INSTRUCTIONS TO FOLLOW -> Copy nothing past the line containing "#5=PRODUCT_RELATED_PRODUCT_CATEGORY('part','',(#4));". Transcribe every line of the listing below up to and including it, from the first, except pictures.

=== RECORDS FOR PROCESSING ===

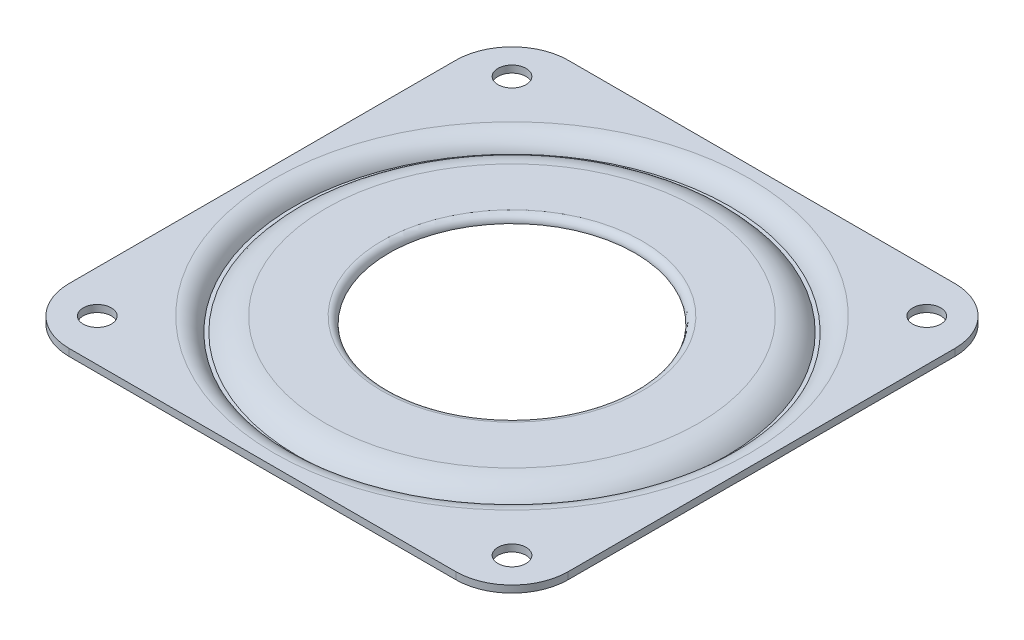
ISO-10303-21;
HEADER;
FILE_DESCRIPTION(('STEP AP214'),'2;1');
FILE_NAME('part.step','',(''),(''),'','','');
FILE_SCHEMA(('AUTOMOTIVE_DESIGN { 1 0 10303 214 1 1 1 1 }'));
ENDSEC;
DATA;
#1=APPLICATION_CONTEXT('core data for automotive mechanical design processes');
#2=APPLICATION_PROTOCOL_DEFINITION('international standard','automotive_design',2000,#1);
#3=PRODUCT_CONTEXT('',#1,'mechanical');
#4=PRODUCT('Part','Part','',(#3));
#5=PRODUCT_RELATED_PRODUCT_CATEGORY('part','',(#4));
#6=PRODUCT_DEFINITION_FORMATION('','',#4);
#7=PRODUCT_DEFINITION_CONTEXT('part definition',#1,'design');
#8=PRODUCT_DEFINITION('design','',#6,#7);
#9=PRODUCT_DEFINITION_SHAPE('','',#8);
#10=(LENGTH_UNIT() NAMED_UNIT(*) SI_UNIT(.MILLI.,.METRE.));
#11=(NAMED_UNIT(*) PLANE_ANGLE_UNIT() SI_UNIT($,.RADIAN.));
#12=(NAMED_UNIT(*) SI_UNIT($,.STERADIAN.) SOLID_ANGLE_UNIT());
#13=UNCERTAINTY_MEASURE_WITH_UNIT(LENGTH_MEASURE(1.E-05),#10,'distance_accuracy_value','');
#14=(GEOMETRIC_REPRESENTATION_CONTEXT(3) GLOBAL_UNCERTAINTY_ASSIGNED_CONTEXT((#13)) GLOBAL_UNIT_ASSIGNED_CONTEXT((#10,
#11,#12)) REPRESENTATION_CONTEXT('',''));
#15=CARTESIAN_POINT('',(0.,0.,0.));
#16=DIRECTION('',(0.,0.,1.));
#17=DIRECTION('',(1.,0.,0.));
#18=AXIS2_PLACEMENT_3D('',#15,#16,#17);
#19=CARTESIAN_POINT('',(0.,2.,0.));
#20=DIRECTION('',(0.,-1.,0.));
#21=DIRECTION('',(0.,0.,-1.));
#22=AXIS2_PLACEMENT_3D('',#19,#20,#21);
#23=PLANE('',#22);
#24=CARTESIAN_POINT('',(65.0000000000002,2.,-6.00000000000001));
#25=DIRECTION('',(0.,-1.,0.));
#26=DIRECTION('',(0.,0.,-1.));
#27=AXIS2_PLACEMENT_3D('',#24,#25,#26);
#28=CIRCLE('',#27,2.);
#29=CARTESIAN_POINT('',(65.0000000000002,2.,-8.00000000000001));
#30=VERTEX_POINT('',#29);
#31=EDGE_CURVE('E163',#30,#30,#28,.F.);
#32=ORIENTED_EDGE('',*,*,#31,.T.);
#33=EDGE_LOOP('',(#32));
#34=FACE_BOUND('',#33,.T.);
#35=DIRECTION('',(-1.,0.,0.));
#36=VECTOR('',#35,1.);
#37=CARTESIAN_POINT('',(0.,2.,0.));
#38=LINE('',#37,#36);
#39=CARTESIAN_POINT('',(63.,2.,0.));
#40=VERTEX_POINT('',#39);
#41=CARTESIAN_POINT('',(41.2590454924366,2.,0.));
#42=VERTEX_POINT('',#41);
#43=EDGE_CURVE('E281',#40,#42,#38,.T.);
#44=ORIENTED_EDGE('',*,*,#43,.T.);
#45=CARTESIAN_POINT('',(35.5,2.,-35.5));
#46=DIRECTION('',(0.,-1.,0.));
#47=DIRECTION('',(0.,0.,-1.));
#48=AXIS2_PLACEMENT_3D('',#45,#46,#47);
#49=CIRCLE('',#48,35.9641016151378);
#50=CARTESIAN_POINT('',(71.,2.,-29.7409545075634));
#51=VERTEX_POINT('',#50);
#52=EDGE_CURVE('E225',#42,#51,#49,.F.);
#53=ORIENTED_EDGE('',*,*,#52,.T.);
#54=DIRECTION('',(0.,0.,1.));
#55=VECTOR('',#54,1.);
#56=CARTESIAN_POINT('',(71.,2.,0.));
#57=LINE('',#56,#55);
#58=CARTESIAN_POINT('',(71.,2.,-8.));
#59=VERTEX_POINT('',#58);
#60=EDGE_CURVE('E279',#51,#59,#57,.T.);
#61=ORIENTED_EDGE('',*,*,#60,.T.);
#62=CARTESIAN_POINT('',(63.,2.,-8.));
#63=DIRECTION('',(0.,-1.,0.));
#64=DIRECTION('',(0.,0.,-1.));
#65=AXIS2_PLACEMENT_3D('',#62,#63,#64);
#66=CIRCLE('',#65,8.);
#67=EDGE_CURVE('E288',#59,#40,#66,.T.);
#68=ORIENTED_EDGE('',*,*,#67,.T.);
#69=EDGE_LOOP('',(#44,#53,#61,#68));
#70=FACE_BOUND('',#69,.T.);
#71=ADVANCED_FACE('F61',(#34,#70),#23,.T.);
#72=CARTESIAN_POINT('',(65.,2.,-65.));
#73=DIRECTION('',(0.,-1.,0.));
#74=DIRECTION('',(0.,0.,-1.));
#75=AXIS2_PLACEMENT_3D('',#72,#73,#74);
#76=CIRCLE('',#75,2.);
#77=CARTESIAN_POINT('',(65.,2.,-67.));
#78=VERTEX_POINT('',#77);
#79=EDGE_CURVE('E293',#78,#78,#76,.F.);
#80=ORIENTED_EDGE('',*,*,#79,.T.);
#81=EDGE_LOOP('',(#80));
#82=FACE_BOUND('',#81,.T.);
#83=CARTESIAN_POINT('',(71.,2.,-63.));
#84=VERTEX_POINT('',#83);
#85=CARTESIAN_POINT('',(71.,2.,-41.2590454924366));
#86=VERTEX_POINT('',#85);
#87=EDGE_CURVE('E286',#84,#86,#57,.T.);
#88=ORIENTED_EDGE('',*,*,#87,.T.);
#89=CARTESIAN_POINT('',(35.5,2.,-35.5));
#90=DIRECTION('',(0.,-1.,0.));
#91=DIRECTION('',(0.,0.,-1.));
#92=AXIS2_PLACEMENT_3D('',#89,#90,#91);
#93=CIRCLE('',#92,35.9641016151378);
#94=CARTESIAN_POINT('',(41.2590454924366,2.,-71.));
#95=VERTEX_POINT('',#94);
#96=EDGE_CURVE('E223',#86,#95,#93,.F.);
#97=ORIENTED_EDGE('',*,*,#96,.T.);
#98=DIRECTION('',(1.,0.,0.));
#99=VECTOR('',#98,1.);
#100=CARTESIAN_POINT('',(0.,2.,-71.));
#101=LINE('',#100,#99);
#102=CARTESIAN_POINT('',(63.,2.,-71.));
#103=VERTEX_POINT('',#102);
#104=EDGE_CURVE('E266',#95,#103,#101,.T.);
#105=ORIENTED_EDGE('',*,*,#104,.T.);
#106=CARTESIAN_POINT('',(63.,2.,-63.));
#107=DIRECTION('',(0.,-1.,0.));
#108=DIRECTION('',(0.,0.,-1.));
#109=AXIS2_PLACEMENT_3D('',#106,#107,#108);
#110=CIRCLE('',#109,8.);
#111=EDGE_CURVE('E273',#103,#84,#110,.T.);
#112=ORIENTED_EDGE('',*,*,#111,.T.);
#113=EDGE_LOOP('',(#88,#97,#105,#112));
#114=FACE_BOUND('',#113,.T.);
#115=ADVANCED_FACE('F354',(#82,#114),#23,.T.);
#116=CARTESIAN_POINT('',(5.9999999999998,2.,-65.));
#117=DIRECTION('',(0.,-1.,0.));
#118=DIRECTION('',(0.,0.,-1.));
#119=AXIS2_PLACEMENT_3D('',#116,#117,#118);
#120=CIRCLE('',#119,2.);
#121=CARTESIAN_POINT('',(5.9999999999998,2.,-67.));
#122=VERTEX_POINT('',#121);
#123=EDGE_CURVE('E386',#122,#122,#120,.F.);
#124=ORIENTED_EDGE('',*,*,#123,.T.);
#125=EDGE_LOOP('',(#124));
#126=FACE_BOUND('',#125,.T.);
#127=CARTESIAN_POINT('',(8.,2.,-71.));
#128=VERTEX_POINT('',#127);
#129=CARTESIAN_POINT('',(29.7409545075634,2.,-71.));
#130=VERTEX_POINT('',#129);
#131=EDGE_CURVE('E264',#128,#130,#101,.T.);
#132=ORIENTED_EDGE('',*,*,#131,.T.);
#133=CARTESIAN_POINT('',(35.5,2.,-35.5));
#134=DIRECTION('',(0.,-1.,0.));
#135=DIRECTION('',(0.,0.,-1.));
#136=AXIS2_PLACEMENT_3D('',#133,#134,#135);
#137=CIRCLE('',#136,35.9641016151378);
#138=CARTESIAN_POINT('',(0.,2.,-41.2590454924366));
#139=VERTEX_POINT('',#138);
#140=EDGE_CURVE('E221',#130,#139,#137,.F.);
#141=ORIENTED_EDGE('',*,*,#140,.T.);
#142=DIRECTION('',(0.,0.,-1.));
#143=VECTOR('',#142,1.);
#144=CARTESIAN_POINT('',(0.,2.,0.));
#145=LINE('',#144,#143);
#146=CARTESIAN_POINT('',(0.,2.,-63.));
#147=VERTEX_POINT('',#146);
#148=EDGE_CURVE('E162',#139,#147,#145,.T.);
#149=ORIENTED_EDGE('',*,*,#148,.T.);
#150=CARTESIAN_POINT('',(8.,2.,-63.));
#151=DIRECTION('',(0.,-1.,0.));
#152=DIRECTION('',(0.,0.,-1.));
#153=AXIS2_PLACEMENT_3D('',#150,#151,#152);
#154=CIRCLE('',#153,8.);
#155=EDGE_CURVE('E172',#147,#128,#154,.T.);
#156=ORIENTED_EDGE('',*,*,#155,.T.);
#157=EDGE_LOOP('',(#132,#141,#149,#156));
#158=FACE_BOUND('',#157,.T.);
#159=ADVANCED_FACE('F271',(#126,#158),#23,.T.);
#160=CARTESIAN_POINT('',(0.,0.,0.));
#161=DIRECTION('',(0.,-1.,0.));
#162=DIRECTION('',(0.,0.,-1.));
#163=AXIS2_PLACEMENT_3D('',#160,#161,#162);
#164=PLANE('',#163);
#165=CARTESIAN_POINT('',(35.5,0.,-35.5));
#166=DIRECTION('',(0.,-1.,0.));
#167=DIRECTION('',(0.,0.,-1.));
#168=AXIS2_PLACEMENT_3D('',#165,#166,#167);
#169=CIRCLE('',#168,29.);
#170=CARTESIAN_POINT('',(35.5,0.,-64.5));
#171=VERTEX_POINT('',#170);
#172=EDGE_CURVE('E394',#171,#171,#169,.T.);
#173=ORIENTED_EDGE('',*,*,#172,.F.);
#174=EDGE_LOOP('',(#173));
#175=FACE_BOUND('',#174,.T.);
#176=CARTESIAN_POINT('',(35.5,0.,-35.5));
#177=DIRECTION('',(0.,-1.,0.));
#178=DIRECTION('',(0.,0.,-1.));
#179=AXIS2_PLACEMENT_3D('',#176,#177,#178);
#180=CIRCLE('',#179,32.5);
#181=CARTESIAN_POINT('',(35.5,0.,-68.));
#182=VERTEX_POINT('',#181);
#183=EDGE_CURVE('E297',#182,#182,#180,.T.);
#184=ORIENTED_EDGE('',*,*,#183,.T.);
#185=EDGE_LOOP('',(#184));
#186=FACE_BOUND('',#185,.T.);
#187=ADVANCED_FACE('F253',(#175,#186),#164,.T.);
#188=CARTESIAN_POINT('',(0.,3.,0.));
#189=DIRECTION('',(1.,0.,0.));
#190=DIRECTION('',(0.,0.,-1.));
#191=AXIS2_PLACEMENT_3D('',#188,#189,#190);
#192=PLANE('',#191);
#193=CARTESIAN_POINT('',(0.,2.,-8.));
#194=VERTEX_POINT('',#193);
#195=CARTESIAN_POINT('',(0.,2.,-29.7409545075634));
#196=VERTEX_POINT('',#195);
#197=EDGE_CURVE('E156',#194,#196,#145,.T.);
#198=ORIENTED_EDGE('',*,*,#197,.F.);
#199=DIRECTION('',(0.,-1.,0.));
#200=VECTOR('',#199,1.);
#201=CARTESIAN_POINT('',(0.,3.,-8.));
#202=LINE('',#201,#200);
#203=CARTESIAN_POINT('',(0.,3.,-8.));
#204=VERTEX_POINT('',#203);
#205=EDGE_CURVE('E168',#194,#204,#202,.F.);
#206=ORIENTED_EDGE('',*,*,#205,.T.);
#207=DIRECTION('',(0.,0.,1.));
#208=VECTOR('',#207,1.);
#209=CARTESIAN_POINT('',(0.,3.,0.));
#210=LINE('',#209,#208);
#211=CARTESIAN_POINT('',(0.,3.,-63.));
#212=VERTEX_POINT('',#211);
#213=EDGE_CURVE('E319',#212,#204,#210,.T.);
#214=ORIENTED_EDGE('',*,*,#213,.F.);
#215=DIRECTION('',(0.,-1.,0.));
#216=VECTOR('',#215,1.);
#217=CARTESIAN_POINT('',(0.,3.,-63.));
#218=LINE('',#217,#216);
#219=EDGE_CURVE('E177',#212,#147,#218,.T.);
#220=ORIENTED_EDGE('',*,*,#219,.T.);
#221=ORIENTED_EDGE('',*,*,#148,.F.);
#222=CARTESIAN_POINT('',(0.,2.,-41.2590454924366));
#223=CARTESIAN_POINT('',(0.,1.99999809853683,-41.0923758040359));
#224=CARTESIAN_POINT('',(0.,1.99973283204652,-40.9257064601679));
#225=CARTESIAN_POINT('',(0.,1.9987973192097,-40.5923699857615));
#226=CARTESIAN_POINT('',(0.,1.99812707559933,-40.4257028552159));
#227=CARTESIAN_POINT('',(0.,1.9965033570419,-40.0923704157217));
#228=CARTESIAN_POINT('',(0.,1.99554988266604,-39.9257051067702));
#229=CARTESIAN_POINT('',(0.,1.99346691741252,-39.5923749367902));
#230=CARTESIAN_POINT('',(0.,1.99233742582151,-39.4257100757661));
#231=CARTESIAN_POINT('',(0.,1.98883482504903,-38.9257041831819));
#232=CARTESIAN_POINT('',(0.,1.98634766385005,-38.5923639847862));
#233=CARTESIAN_POINT('',(0.,1.98171762333512,-37.9256810574722));
#234=CARTESIAN_POINT('',(0.,1.97957474399237,-37.5923383285541));
#235=CARTESIAN_POINT('',(0.,1.97608682037531,-36.9256520559874));
#236=CARTESIAN_POINT('',(0.,1.97474176734527,-36.5923085123879));
#237=CARTESIAN_POINT('',(0.,1.97310663949925,-35.925618858548));
#238=CARTESIAN_POINT('',(0.,1.97281656409642,-35.5922727483091));
#239=CARTESIAN_POINT('',(0.,1.97334446618624,-34.9255818275176));
#240=CARTESIAN_POINT('',(0.,1.97416244245752,-34.592237016964));
#241=CARTESIAN_POINT('',(0.,1.97675461460996,-33.9255510842902));
#242=CARTESIAN_POINT('',(0.,1.97852881128743,-33.5922099621734));
#243=CARTESIAN_POINT('',(0.,1.98268031870732,-32.9255285455048));
#244=CARTESIAN_POINT('',(0.,1.98505763524318,-32.5921882509916));
#245=CARTESIAN_POINT('',(0.,1.9898679163736,-31.9255082525674));
#246=CARTESIAN_POINT('',(0.,1.99230088094763,-31.5921685486563));
#247=CARTESIAN_POINT('',(0.,1.99598675760966,-31.0058505545712));
#248=CARTESIAN_POINT('',(0.,1.99738275399137,-30.7528732947871));
#249=CARTESIAN_POINT('',(0.,1.99938447833095,-30.2469160318604));
#250=CARTESIAN_POINT('',(0.,1.99999020683266,-29.9939360287199));
#251=CARTESIAN_POINT('',(0.,2.,-29.7409545075634));
#252=B_SPLINE_CURVE_WITH_KNOTS('',3,(#222,#223,#224,#225,#226,#227,#228,#229,#230,#231,#232,
#233,#234,#235,#236,#237,#238,#239,#240,#241,#242,#243,#244,#245,#246,#247,#248,#249,#250,#251),
.UNSPECIFIED.,.F.,.F.,(4,2,2,2,2,2,2,2,2,2,2,2,2,2,4),(0.,0.500008372601376,1.00001336705712,
1.50001735315875,2.00002336568205,3.00007181940902,4.0001201953306,5.00015759605728,
6.0001944405086,7.00023018265512,8.00026675759234,9.00031293900684,10.0003587513124,
10.7593010635904,11.5182428535808),.UNSPECIFIED.);
#253=EDGE_CURVE('E74',#139,#196,#252,.T.);
#254=ORIENTED_EDGE('',*,*,#253,.T.);
#255=EDGE_LOOP('',(#198,#206,#214,#220,#221,#254));
#256=FACE_BOUND('',#255,.T.);
#257=ADVANCED_FACE('F166',(#256),#192,.F.);
#258=CARTESIAN_POINT('',(0.,3.,0.));
#259=DIRECTION('',(0.,0.,-1.));
#260=DIRECTION('',(-1.,0.,0.));
#261=AXIS2_PLACEMENT_3D('',#258,#259,#260);
#262=PLANE('',#261);
#263=ORIENTED_EDGE('',*,*,#43,.F.);
#264=DIRECTION('',(0.,-1.,0.));
#265=VECTOR('',#264,1.);
#266=CARTESIAN_POINT('',(63.,3.,0.));
#267=LINE('',#266,#265);
#268=CARTESIAN_POINT('',(63.,3.,0.));
#269=VERTEX_POINT('',#268);
#270=EDGE_CURVE('E199',#40,#269,#267,.F.);
#271=ORIENTED_EDGE('',*,*,#270,.T.);
#272=DIRECTION('',(1.,0.,0.));
#273=VECTOR('',#272,1.);
#274=CARTESIAN_POINT('',(0.,3.,0.));
#275=LINE('',#274,#273);
#276=CARTESIAN_POINT('',(8.,3.,0.));
#277=VERTEX_POINT('',#276);
#278=EDGE_CURVE('E321',#277,#269,#275,.T.);
#279=ORIENTED_EDGE('',*,*,#278,.F.);
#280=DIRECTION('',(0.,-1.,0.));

===

TASK RESPONSE ->
ISO-10303-21;
HEADER;
FILE_DESCRIPTION(('STEP AP214'),'2;1');
FILE_NAME('part.step','',(''),(''),'','','');
FILE_SCHEMA(('AUTOMOTIVE_DESIGN { 1 0 10303 214 1 1 1 1 }'));
ENDSEC;
DATA;
#1=APPLICATION_CONTEXT('core data for automotive mechanical design processes');
#2=APPLICATION_PROTOCOL_DEFINITION('international standard','automotive_design',2000,#1);
#3=PRODUCT_CONTEXT('',#1,'mechanical');
#4=PRODUCT('Part','Part','',(#3));
#5=PRODUCT_RELATED_PRODUCT_CATEGORY('part','',(#4));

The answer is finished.